Warum trauen sich viele Zeitungen schon nicht mehr, bestimmte Karikaturen abzudrucken, egal ob sie von Mohammed handeln, oder nur von Muslimen im allgemeinen? Hat die geschärfte Schere im Kopf schon so stark von uns Besitz ergriffen, dass z.B. in meiner östlichen Nachbarstadt Hanau, eine für das Frühjahr fest geplante Karikaturenausstellung abgesagt wurde, nur weil man eventuellen Ärger mit irgendwelchen davon sich „betroffenen fühlen Könnenden“ fürchtete? ( die Ausstellung fand dann übrigens nach vielem Hick-Hack doch noch statt – unter großem Polizeischutz. Und natürlich ist gar nichts passiert! ) Ist es jetzt schon so weit? Und warum nutzen unsere lieben Politiker in Land und Bund wieder die allgemeine, diffuse Terrorangst, die sie aber gleichzeitig munter selbst mit schüren, um sehr flott an den Stellschrauben eines Zurückfahrens unserer Grundrechte zu drehen. Stichworte wären hier die Vorratsdatenspeicherung, der gläserner Bürger, immer noch mehr Kameras im öffentlichen Raum, die Armee auf die Straßen, wie in Belgien geschehen (ein Journalist dort meinte, wir seien doch nicht Kabul) usw. usf.

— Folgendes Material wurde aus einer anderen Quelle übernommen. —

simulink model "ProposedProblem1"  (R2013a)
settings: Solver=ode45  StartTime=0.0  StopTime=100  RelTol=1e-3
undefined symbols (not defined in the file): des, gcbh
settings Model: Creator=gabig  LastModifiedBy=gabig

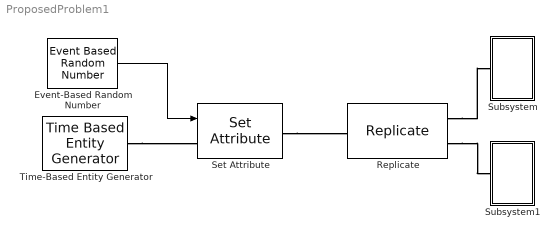
== system ProposedProblem1 ==
  Event-Based Random Number : EventBasedRandomNumber  Seed=14237
  Replicate : Replicate  NumberOutputPorts=2
  Set Attribute : SetAttribute  AttributeName=ServTime  AttributeFrom=Signal port  EvaluatedAttributeValue={ []}
  Subsystem : Subsystem
  Subsystem1 : Subsystem
  Time-Based Entity Generator : TimeBasedEntityGenerator  Distribution=Exponential  Mean=0.5
  wires:
  Event-Based Random Number/1 -> Set Attribute/1
  connections:
  Replicate/RConn2 -- Subsystem1/LConn1
  Time-Based Entity Generator/RConn1 -- Set Attribute/LConn1
  Replicate/RConn1 -- Subsystem/LConn1
  Set Attribute/RConn1 -- Replicate/LConn1

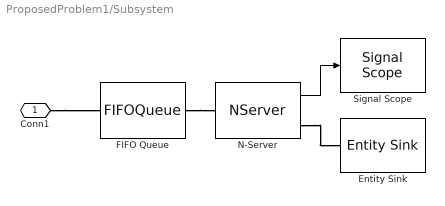
== system ProposedProblem1/Subsystem ==
  Entity Sink : EntitySink
  FIFO Queue : FIFOQueue
  N-Server : NServer  NumberOfServers=2  StatNumberDeparted=on
  Signal Scope : SignalScope  LoadFcn=des.scope.CallbackSupport('seLoadFcn',gcbh)  StartFcn=des.scope.CallbackSupport('seStartFcn',gcbh)  StopFcn=des.scope.CallbackSupport('seStopFcn',gcbh)  ShowCountPlotted=on
      settings: CopyFcn=des.scope.CallbackSupport('seCopyFcn',gcbh)  DeleteFcn=des.scope.CallbackSupport('seDeleteFcn',gcbh)  PreSaveFcn=des.scope.CallbackSupport('sePreSaveFcn',gcbh)  NameChangeFcn=des.scope.CallbackSupport('seNameChangeFcn',gcbh)  OpenFcn=des.scope.CallbackSupport('seOpenFcn',gcbh)
  Conn1 : PMIOPort  Port=1  Side=Left
  wires:
  N-Server/1 -> Signal Scope/1
  connections:
  Conn1/RConn1 -- FIFO Queue/LConn1
  N-Server/RConn1 -- Entity Sink/LConn1
  FIFO Queue/RConn1 -- N-Server/LConn1

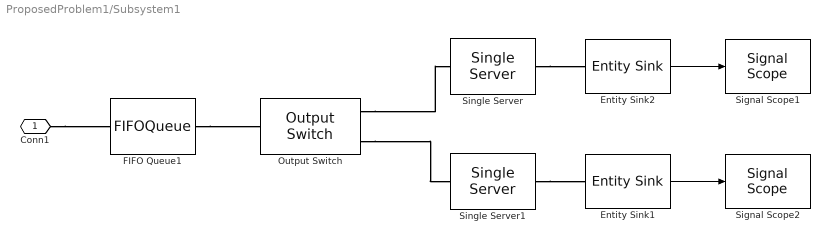
== system ProposedProblem1/Subsystem1 ==
  Entity Sink1 : EntitySink  StatNumberArrived=on
  Entity Sink2 : EntitySink  StatNumberArrived=on
  FIFO Queue1 : FIFOQueue
  Output Switch : OutputSwitch  NumberOutputPorts=2
  Signal Scope1 : SignalScope  LoadFcn=des.scope.CallbackSupport('seLoadFcn',gcbh)  StartFcn=des.scope.CallbackSupport('seStartFcn',gcbh)  StopFcn=des.scope.CallbackSupport('seStopFcn',gcbh)  ShowCountPlotted=on
      settings: CopyFcn=des.scope.CallbackSupport('seCopyFcn',gcbh)  DeleteFcn=des.scope.CallbackSupport('seDeleteFcn',gcbh)  PreSaveFcn=des.scope.CallbackSupport('sePreSaveFcn',gcbh)  NameChangeFcn=des.scope.CallbackSupport('seNameChangeFcn',gcbh)  OpenFcn=des.scope.CallbackSupport('seOpenFcn',gcbh)
  Signal Scope2 : SignalScope  LoadFcn=des.scope.CallbackSupport('seLoadFcn',gcbh)  StartFcn=des.scope.CallbackSupport('seStartFcn',gcbh)  StopFcn=des.scope.CallbackSupport('seStopFcn',gcbh)  ShowCountPlotted=on
      settings: CopyFcn=des.scope.CallbackSupport('seCopyFcn',gcbh)  DeleteFcn=des.scope.CallbackSupport('seDeleteFcn',gcbh)  PreSaveFcn=des.scope.CallbackSupport('sePreSaveFcn',gcbh)  NameChangeFcn=des.scope.CallbackSupport('seNameChangeFcn',gcbh)  OpenFcn=des.scope.CallbackSupport('seOpenFcn',gcbh)
  Single Server : SingleServer
  Single Server1 : SingleServer
  Conn1 : PMIOPort  Port=1  Side=Left
  wires:
  Entity Sink1/1 -> Signal Scope2/1
  Entity Sink2/1 -> Signal Scope1/1
  connections:
  Single Server/RConn1 -- Entity Sink2/LConn1
  Single Server1/RConn1 -- Entity Sink1/LConn1
  Conn1/RConn1 -- FIFO Queue1/LConn1
  FIFO Queue1/RConn1 -- Output Switch/LConn1
  Output Switch/RConn1 -- Single Server/LConn1
  Output Switch/RConn2 -- Single Server1/LConn1

All das wird ja im Falle des Falles überhaupt nichts nützen, weil der nächste Anschlag mit hoher Wahrscheinlichkeit irgenwo anders, auf andere Weise, mit anderen Mitteln und neuen Opfern stattfinden wird. Und das Geschrei wird wieder groß! Aber unsere schönen Grundrechte sind dann futsch – so oder so – und die Gesellschaft wird nicht mehr die Selbe sein. Wollen wir das wirklich??? Wehret den Anfängen!